Um recado de quem esperou nove décadas
Para o Sr. João, o estudo é um acerto de contas com o destino e o caminho para o seu próximo grande sonho: cursar a faculdade de Teologia. Antes de encarar a maratona de exames que se aproxima, ele deixa um conselho vital:
"Estude. Sem estudar não se é nada, ainda mais hoje em dia. Vejo pelos meus filhos, deu certo para eles. Brincar e viver é bom, mas tem gente que deixa de estudar para entrar em vício, em droga e tudo que não presta. Estude, e só isso”, diz o sábio sr. João, já preparadíssimo para fazer o Provão do CEJA, que certifica a conclusão do Ensino Fundamental e acontece entre os próximos dias 27 e 30 de abril.Depois, novos objetos e mais sonhos pela frente. Alguém duvida?
Melhor idade em expansão
O Brasil está envelhecendo e isso é estatístico. O número de pessoas com mais de 60 anos no país aumentou e hoje chega a 35,5 milhões de pessoas, subindo de 11,3% para 16,6%, nos últimos 13 anos. Em 2022, eram 22, 2 milhões.

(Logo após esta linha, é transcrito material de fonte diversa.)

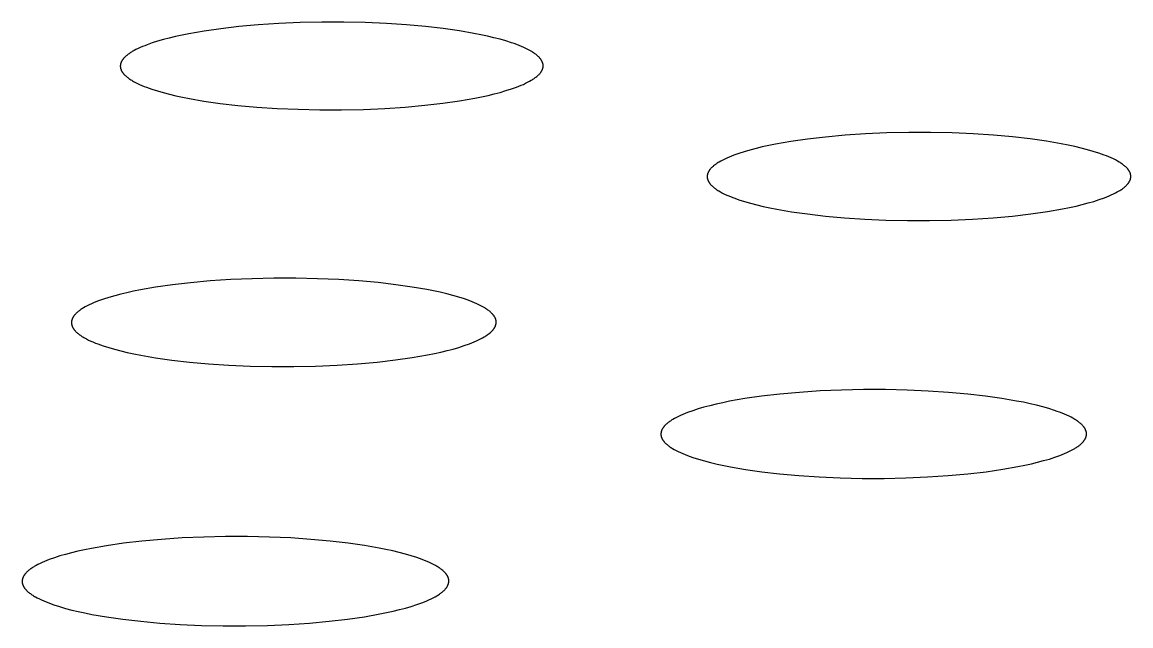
# Model space of a CAD drawing. Header units: millimetres. Extents: x 0 to 4030, y -54 to 2762.
# Drawn here: x 1168.29 to 1182.5, y 963.93 to 971.67 of the extents above; entities that cross this region are included whole.
import ezdxf

# ---------------------------------------------------------------- set-up
doc = ezdxf.new("R2010")
doc.units = ezdxf.units.MM
doc.header["$MEASUREMENT"] = 0
doc.layers.add('Utwórz2D linie widoczne', color=7, linetype='Continuous', true_color=0x000000)

msp = doc.modelspace()

# ---------------------------------------------------------------- linework, layer by layer
at = {"layer": 'Utwórz2D linie widoczne'}
for p, q in [((1170.618, 971.559), (1170.425, 971.525)), ((1170.832, 971.589), (1170.618, 971.559)), ((1171.065, 971.616), (1170.832, 971.589)), ((1171.314, 971.639), (1171.065, 971.616)), ((1171.577, 971.656), (1171.314, 971.639)), ((1171.85, 971.668), (1171.577, 971.656)), ((1172.128, 971.674), (1171.85, 971.668)), ((1172.408, 971.674), (1172.128, 971.674)), ((1172.685, 971.668), (1172.408, 971.674)), ((1172.955, 971.656), (1172.685, 971.668)), ((1173.213, 971.639), (1172.955, 971.656)), ((1173.457, 971.617), (1173.213, 971.639)), ((1173.683, 971.591), (1173.457, 971.617)), ((1173.891, 971.561), (1173.683, 971.591)), ((1174.078, 971.529), (1173.891, 971.561)), ((1169.954, 971.407), (1169.889, 971.384)), ((1170.023, 971.429), (1169.954, 971.407)), ((1170.097, 971.45), (1170.023, 971.429)), ((1170.173, 971.47), (1170.097, 971.45)), ((1170.253, 971.489), (1170.173, 971.47)), ((1170.336, 971.507), (1170.253, 971.489)), ((1170.425, 971.525), (1170.336, 971.507)), ((1174.166, 971.512), (1174.078, 971.529)), ((1174.251, 971.494), (1174.166, 971.512)), ((1174.333, 971.474), (1174.251, 971.494)), ((1174.412, 971.454), (1174.333, 971.474)), ((1174.488, 971.432), (1174.412, 971.454)), ((1174.559, 971.409), (1174.488, 971.432)), ((1174.593, 971.398), (1174.559, 971.409)), ((1169.647, 971.262), (1169.638, 971.255)), ((1169.657, 971.269), (1169.647, 971.262)), ((1169.666, 971.276), (1169.657, 971.269)), ((1169.677, 971.283), (1169.666, 971.276)), ((1169.687, 971.289), (1169.677, 971.283)), ((1169.698, 971.296), (1169.687, 971.289)), ((1169.721, 971.309), (1169.698, 971.296)), ((1169.746, 971.322), (1169.721, 971.309)), ((1169.772, 971.335), (1169.746, 971.322)), ((1169.799, 971.347), (1169.772, 971.335)), ((1169.828, 971.36), (1169.799, 971.347)), ((1169.858, 971.372), (1169.828, 971.36)), ((1169.889, 971.384), (1169.858, 971.372)), ((1174.626, 971.386), (1174.593, 971.398)), ((1174.657, 971.374), (1174.626, 971.386)), ((1174.688, 971.361), (1174.657, 971.374)), ((1174.717, 971.349), (1174.688, 971.361)), ((1174.744, 971.336), (1174.717, 971.349)), ((1174.77, 971.323), (1174.744, 971.336)), ((1174.795, 971.309), (1174.77, 971.323)), ((1174.818, 971.296), (1174.795, 971.309)), ((1174.829, 971.289), (1174.818, 971.296)), ((1174.839, 971.282), (1174.829, 971.289)), ((1174.85, 971.276), (1174.839, 971.282)), ((1174.859, 971.269), (1174.85, 971.276)), ((1174.869, 971.262), (1174.859, 971.269)), ((1174.878, 971.255), (1174.869, 971.262)), ((1169.546, 971.116), (1169.545, 971.113)), ((1169.547, 971.127), (1169.546, 971.124)), ((1169.546, 971.124), (1169.546, 971.12)), ((1169.546, 971.12), (1169.546, 971.116)), ((1169.548, 971.134), (1169.547, 971.131)), ((1169.547, 971.131), (1169.547, 971.127)), ((1169.549, 971.138), (1169.548, 971.134)), ((1169.55, 971.142), (1169.549, 971.138)), ((1169.551, 971.145), (1169.55, 971.142)), ((1169.552, 971.149), (1169.551, 971.145)), ((1169.553, 971.153), (1169.552, 971.149)), ((1169.555, 971.156), (1169.553, 971.153)), ((1169.556, 971.16), (1169.555, 971.156)), ((1169.558, 971.163), (1169.556, 971.16)), ((1169.56, 971.167), (1169.558, 971.163)), ((1169.561, 971.171), (1169.56, 971.167)), ((1169.563, 971.174), (1169.561, 971.171)), ((1169.566, 971.178), (1169.563, 971.174)), ((1169.568, 971.181), (1169.566, 971.178)), ((1169.57, 971.185), (1169.568, 971.181)), ((1169.572, 971.189), (1169.57, 971.185)), ((1169.575, 971.192), (1169.572, 971.189)), ((1169.577, 971.196), (1169.575, 971.192)), ((1169.58, 971.199), (1169.577, 971.196)), ((1169.583, 971.203), (1169.58, 971.199)), ((1169.586, 971.206), (1169.583, 971.203)), ((1169.589, 971.21), (1169.586, 971.206)), ((1169.592, 971.214), (1169.589, 971.21)), ((1169.599, 971.221), (1169.592, 971.214)), ((1169.606, 971.228), (1169.599, 971.221)), ((1169.613, 971.235), (1169.606, 971.228)), ((1169.621, 971.242), (1169.613, 971.235)), ((1169.629, 971.248), (1169.621, 971.242)), ((1169.638, 971.255), (1169.629, 971.248)), ((1174.886, 971.248), (1174.878, 971.255)), ((1174.894, 971.241), (1174.886, 971.248)), ((1174.902, 971.234), (1174.894, 971.241)), ((1174.909, 971.227), (1174.902, 971.234)), ((1174.916, 971.22), (1174.909, 971.227)), ((1174.919, 971.216), (1174.916, 971.22)), ((1174.922, 971.213), (1174.919, 971.216)), ((1174.925, 971.209), (1174.922, 971.213)), ((1174.928, 971.205), (1174.925, 971.209)), ((1174.931, 971.202), (1174.928, 971.205)), ((1174.934, 971.198), (1174.931, 971.202)), ((1174.936, 971.195), (1174.934, 971.198)), ((1174.939, 971.191), (1174.936, 971.195)), ((1174.941, 971.187), (1174.939, 971.191)), ((1174.943, 971.184), (1174.941, 971.187)), ((1174.945, 971.18), (1174.943, 971.184)), ((1174.947, 971.177), (1174.945, 971.18)), ((1174.949, 971.173), (1174.947, 971.177)), ((1174.951, 971.169), (1174.949, 971.173)), ((1174.953, 971.166), (1174.951, 971.169)), ((1174.954, 971.162), (1174.953, 971.166)), ((1174.956, 971.159), (1174.954, 971.162)), ((1174.957, 971.155), (1174.956, 971.159)), ((1174.958, 971.151), (1174.957, 971.155)), ((1174.96, 971.148), (1174.958, 971.151)), ((1174.961, 971.144), (1174.96, 971.148)), ((1174.961, 971.14), (1174.961, 971.144)), ((1174.962, 971.137), (1174.961, 971.14)), ((1174.963, 971.133), (1174.962, 971.137)), ((1174.963, 971.129), (1174.963, 971.133)), ((1174.964, 971.126), (1174.963, 971.129)), ((1174.964, 971.122), (1174.964, 971.126)), ((1174.964, 971.119), (1174.964, 971.122)), ((1174.964, 971.115), (1174.964, 971.119)), ((1174.964, 971.111), (1174.964, 971.115)), ((1169.545, 971.113), (1169.545, 971.109)), ((1169.545, 971.109), (1169.545, 971.105)), ((1169.545, 971.105), (1169.546, 971.102)), ((1169.546, 971.102), (1169.546, 971.098)), ((1169.546, 971.098), (1169.546, 971.094)), ((1169.546, 971.094), (1169.547, 971.091)), ((1169.547, 971.091), (1169.548, 971.087)), ((1169.548, 971.087), (1169.548, 971.084)), ((1169.548, 971.084), (1169.549, 971.08)), ((1169.549, 971.08), (1169.55, 971.076)), ((1169.55, 971.076), (1169.551, 971.073)), ((1169.551, 971.073), (1169.552, 971.069)), ((1169.552, 971.069), (1169.554, 971.065)), ((1169.554, 971.065), (1169.555, 971.062)), ((1169.555, 971.062), (1169.557, 971.058)), ((1169.557, 971.058), (1169.558, 971.054)), ((1169.558, 971.054), (1169.56, 971.051)), ((1169.56, 971.051), (1169.562, 971.047)), ((1169.562, 971.047), (1169.564, 971.044)), ((1169.564, 971.044), (1169.566, 971.04)), ((1169.566, 971.04), (1169.568, 971.036)), ((1169.568, 971.036), (1169.571, 971.033)), ((1169.571, 971.033), (1169.573, 971.029)), ((1169.573, 971.029), (1169.576, 971.026)), ((1169.576, 971.026), (1169.578, 971.022)), ((1169.578, 971.022), (1169.581, 971.018)), ((1169.581, 971.018), (1169.584, 971.015)), ((1169.584, 971.015), (1169.587, 971.011)), ((1169.587, 971.011), (1169.59, 971.008)), ((1169.59, 971.008), (1169.593, 971.004)), ((1169.593, 971.004), (1169.6, 970.997)), ((1169.6, 970.997), (1169.607, 970.99)), ((1169.607, 970.99), (1169.615, 970.983)), ((1169.615, 970.983), (1169.623, 970.976)), ((1169.623, 970.976), (1169.631, 970.969)), ((1174.873, 970.968), (1174.882, 970.975)), ((1174.882, 970.975), (1174.89, 970.982)), ((1174.89, 970.982), (1174.898, 970.989)), ((1174.898, 970.989), (1174.905, 970.996)), ((1174.905, 970.996), (1174.912, 971.003)), ((1174.912, 971.003), (1174.919, 971.01)), ((1174.919, 971.01), (1174.922, 971.014)), ((1174.922, 971.014), (1174.925, 971.017)), ((1174.925, 971.017), (1174.928, 971.021)), ((1174.928, 971.021), (1174.93, 971.025)), ((1174.93, 971.025), (1174.933, 971.028)), ((1174.933, 971.028), (1174.936, 971.032)), ((1174.936, 971.032), (1174.938, 971.035)), ((1174.938, 971.035), (1174.94, 971.039)), ((1174.94, 971.039), (1174.943, 971.042)), ((1174.943, 971.042), (1174.945, 971.046)), ((1174.945, 971.046), (1174.947, 971.05)), ((1174.947, 971.05), (1174.949, 971.053)), ((1174.949, 971.053), (1174.951, 971.057)), ((1174.951, 971.057), (1174.952, 971.06)), ((1174.952, 971.06), (1174.954, 971.064)), ((1174.954, 971.064), (1174.955, 971.068)), ((1174.955, 971.068), (1174.957, 971.071)), ((1174.957, 971.071), (1174.958, 971.075)), ((1174.958, 971.075), (1174.959, 971.079)), ((1174.959, 971.079), (1174.96, 971.082)), ((1174.96, 971.082), (1174.961, 971.086)), ((1174.961, 971.086), (1174.962, 971.089)), ((1174.962, 971.089), (1174.963, 971.093)), ((1174.963, 971.097), (1174.964, 971.1)), ((1174.963, 971.093), (1174.963, 971.097)), ((1174.964, 971.108), (1174.964, 971.111)), ((1174.964, 971.104), (1174.964, 971.108)), ((1174.964, 971.1), (1174.964, 971.104)), ((1169.631, 970.969), (1169.64, 970.962)), ((1169.64, 970.962), (1169.649, 970.955)), ((1169.649, 970.955), (1169.659, 970.948)), ((1169.659, 970.948), (1169.669, 970.941)), ((1169.669, 970.941), (1169.68, 970.934)), ((1169.68, 970.934), (1169.691, 970.928)), ((1169.691, 970.928), (1169.702, 970.921)), ((1169.702, 970.921), (1169.714, 970.914)), ((1169.714, 970.914), (1169.738, 970.901)), ((1169.738, 970.901), (1169.764, 970.888)), ((1169.764, 970.888), (1169.792, 970.875)), ((1169.792, 970.875), (1169.82, 970.863)), ((1169.82, 970.863), (1169.851, 970.85)), ((1169.851, 970.85), (1169.882, 970.838)), ((1169.882, 970.838), (1169.915, 970.826)), ((1174.558, 970.817), (1174.623, 970.84)), ((1174.623, 970.84), (1174.654, 970.852)), ((1174.654, 970.852), (1174.684, 970.864)), ((1174.684, 970.864), (1174.712, 970.876)), ((1174.712, 970.876), (1174.74, 970.889)), ((1174.74, 970.889), (1174.765, 970.902)), ((1174.765, 970.902), (1174.79, 970.915)), ((1174.79, 970.915), (1174.813, 970.928)), ((1174.813, 970.928), (1174.824, 970.935)), ((1174.824, 970.935), (1174.834, 970.941)), ((1174.834, 970.941), (1174.845, 970.948)), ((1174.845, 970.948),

Os dados constam na pesquisa PNAD (Pesquisa Nacional por Amostra de Domicílios), do IBGE (Instituto Brasileiro de Geografia e Estatística), divulgada no último dia 17 de abril. O estudo apontou, em contrapartida, que a população com menos de 30 anos no país teve queda de 10,4% no intervalo de 2012 a 2025.
Diante desses números e da gangorra econômica em que vivem as famílias brasileiras, muitas pessoas com mais de 60 anos e mesmo aposentadas seguem no mercado de trabalho e buscam também completar ou aperfeiçoar a formação escolar e ampliar a sua capacitação profissional.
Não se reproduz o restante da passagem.